Each line of the records containing "styles" is to be copied out and returned.

==*==

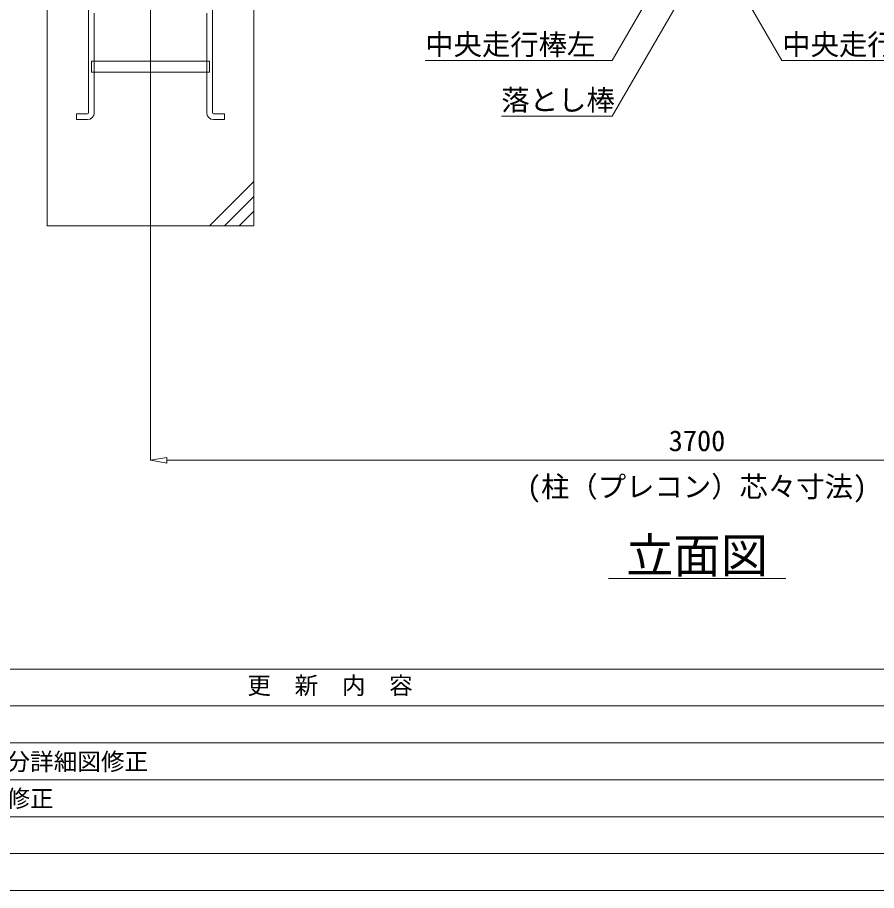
# Model space of a CAD drawing. Units: millimetres, scale not verified. Extents: x -10062 to 10062, y -16938 to 16938.
# Drawn here: x -5663 to -2755, y 3062 to 6018 of the extents above; entities that cross this region are included whole.
import ezdxf
from ezdxf.enums import TextEntityAlignment as Align

# ---------------------------------------------------------------- set-up
doc = ezdxf.new("R2010")
doc.units = ezdxf.units.MM
doc.header["$LTSCALE"] = 90
doc.linetypes.add('CHAIN2', pattern=[12, 9, -1, 1, -1])
doc.linetypes.add('DASHED1', pattern=[1.8, 1.2, -0.6])
for name, color, linetype, lineweight in [('0-9_基礎工事用PCA小', 134, 'Continuous', 18), ('0-B_図面枠', 134, 'Continuous', 18), ('0-C_寸法', 134, 'Continuous', 18), ('1-6_通芯', 134, 'CHAIN2', 18), ('1-B_文字', 134, 'Continuous', 18)]:
    doc.layers.add(name, color=color, linetype=linetype, lineweight=lineweight)
doc.styles.add('ＭＳ ゴシック', font='')
doc.styles.get('ＭＳ ゴシック').set_extended_font_data('MS Gothic')

msp = doc.modelspace()

# ---------------------------------------------------------------- linework, layer by layer
at = {"layer": '0-9_基礎工事用PCA小'}
for p, q in [((-5402.98, 6032.5), (-5402.98, 5870.5)), ((-5022.03, 6032.5), (-5022.03, 5870.5)), ((-5402.98, 5832.5), (-5402.98, 5695.5)), ((-5022.03, 5832.5), (-5022.03, 5695.5)), ((-4862.5, 5462.5), (-5012.5, 5312.5)), ((-4862.5, 5412.5), (-4962.5, 5312.5)), ((-4862.5, 5362.5), (-4912.5, 5312.5))]:
    msp.add_line(p, q, dxfattribs=at)
at = {"layer": '0-9_基礎工事用PCA小', "linetype": 'DASHED1'}
for p, q in [((-5402.98, 5870.5), (-5402.98, 5832.5)), ((-5022.03, 5870.5), (-5022.03, 5832.5))]:
    msp.add_line(p, q, dxfattribs=at)
at = {"layer": '0-9_基礎工事用PCA小'}
for points in [[(-5422.02, 5695.55), (-5422.02, 6272.5), (-5402.98, 6272.5), (-5402.98, 6070.5)], [(-5002.97, 5695.55), (-5002.97, 6272.5), (-5022.03, 6272.5), (-5022.03, 6070.5)], [(-5425.97, 5672.5), (-5462.97, 5672.5), (-5462.97, 5691.55), (-5426.03, 5691.55)], [(-4999.02, 5672.5), (-4962.02, 5672.5), (-4962.02, 5691.55), (-4998.98, 5691.55)]]:
    msp.add_lwpolyline(points, dxfattribs=at)
for points in [[(-5562.5, 5312.5), (-4862.5, 5312.5), (-4862.5, 6212.5), (-5562.5, 6212.5)], [(-5412.5, 5870.5), (-5012.5, 5870.5), (-5012.5, 5832.5), (-5412.5, 5832.5)]]:
    msp.add_lwpolyline(points, close=True, dxfattribs=at)
for centre, radius, start, end in [((-5426.03, 5695.55), 4, 270, 360), ((-5425.97, 5695.5), 23, 270, 360), ((-4999.02, 5695.5), 23, 180, 270), ((-4998.98, 5695.55), 4, 180, 270)]:
    msp.add_arc(centre, radius, start, end, dxfattribs=at)
at = {"layer": '0-B_図面枠'}
for p, q in [((-10062.5, 3812.5), (10062.5, 3812.5)), ((-10062.5, 3687.5), (-2087.5, 3687.5)), ((-7637.5, 3562.5), (-2087.5, 3562.5)), ((-7637.5, 3437.5), (-2087.5, 3437.5)), ((-7637.5, 3312.5), (-2087.5, 3312.5)), ((-7637.5, 3187.5), (-2087.5, 3187.5))]:
    msp.add_line(p, q, dxfattribs=at)
msp.add_lwpolyline([(-10062.5, 16937.5), (10062.5, 16937.5), (10062.5, 3062.5), (-10062.5, 3062.5)], close=True, dxfattribs=at)
at = {"layer": '0-C_寸法'}
for p, q in [((-5212.5, 5311.5), (-5212.5, 4518.05)), ((-5157.5, 4528.21), (-5212.5, 4519.04)), ((-5157.5, 4528.21), (-5157.5, 4509.87)), ((-5212.5, 4519.04), (-5157.5, 4509.87)), ((-1567.5, 4519.04), (-5157.5, 4519.04))]:
    msp.add_line(p, q, dxfattribs=at)
at = {"layer": '1-6_通芯'}
msp.add_line((-5212.5, 5312.5), (-5212.5, 7224.5), dxfattribs=at)
at = {"layer": '1-B_文字'}
for p, q in [((-4282.79, 5872.32), (-3650.07, 5872.32)), ((-3075.16, 5872.32), (-2442.07, 5872.32)), ((-4024.98, 5684.26), (-3650.03, 5684.26)), ((-3662.5, 4119.04), (-3062.5, 4119.04))]:
    msp.add_line(p, q, dxfattribs=at)
for points in [[(-3392.55, 6317.32), (-3649.47, 5872.32), (-3649.83, 5872.32)], [(-3332.45, 6317.32), (-3075.53, 5872.32), (-3075.16, 5872.32)], [(-3392.55, 6129.26), (-3649.47, 5684.26), (-3649.83, 5684.26)]]:
    msp.add_lwpolyline(points, dxfattribs=at)

# ---------------------------------------------------------------- texts
at = {"layer": '0-B_図面枠', "style": 'ＭＳ ゴシック'}
for s, p in [('更\u3000新\u3000内\u3000容', (-4884.88, 3709.68)), ('控え単管部分プレコン削除・パネル部分詳細図修正', (-7060.3, 3452)), ('プレコン・ベースプレート注釈詳細図修正', (-7060.3, 3327))]:
    msp.add_text(s, height=58.65, dxfattribs=at).set_placement(p, align=Align.BOTTOM_LEFT)
at = {"layer": '0-C_寸法', "style": 'ＭＳ ゴシック'}
for s, p in [('3700', (-3458.5, 4528.94)), ('(柱（プレコン）芯々寸法)', (-3938.5, 4373.44))]:
    msp.add_text(s, height=70.38, dxfattribs=at).set_placement(p, align=Align.BOTTOM_LEFT)
at = {"layer": '1-B_文字', "style": 'ＭＳ ゴシック'}
for s, height, p in [('中央走行棒左', 70.38, (-4282.79, 5870.36)), ('中央走行棒右', 70.38, (-3074.17, 5870.36)), ('落とし棒', 70.38, (-4024.98, 5682.29)), ('立面図', 117.3, (-3602.5, 4103.04))]:
    msp.add_text(s, height=height, dxfattribs=at).set_placement(p, align=Align.BOTTOM_LEFT)

doc.saveas('drawing.dxf')

==*==

Task result:
doc.styles.add('ＭＳ ゴシック', font='')
doc.styles.get('ＭＳ ゴシック').set_extended_font_data('MS Gothic')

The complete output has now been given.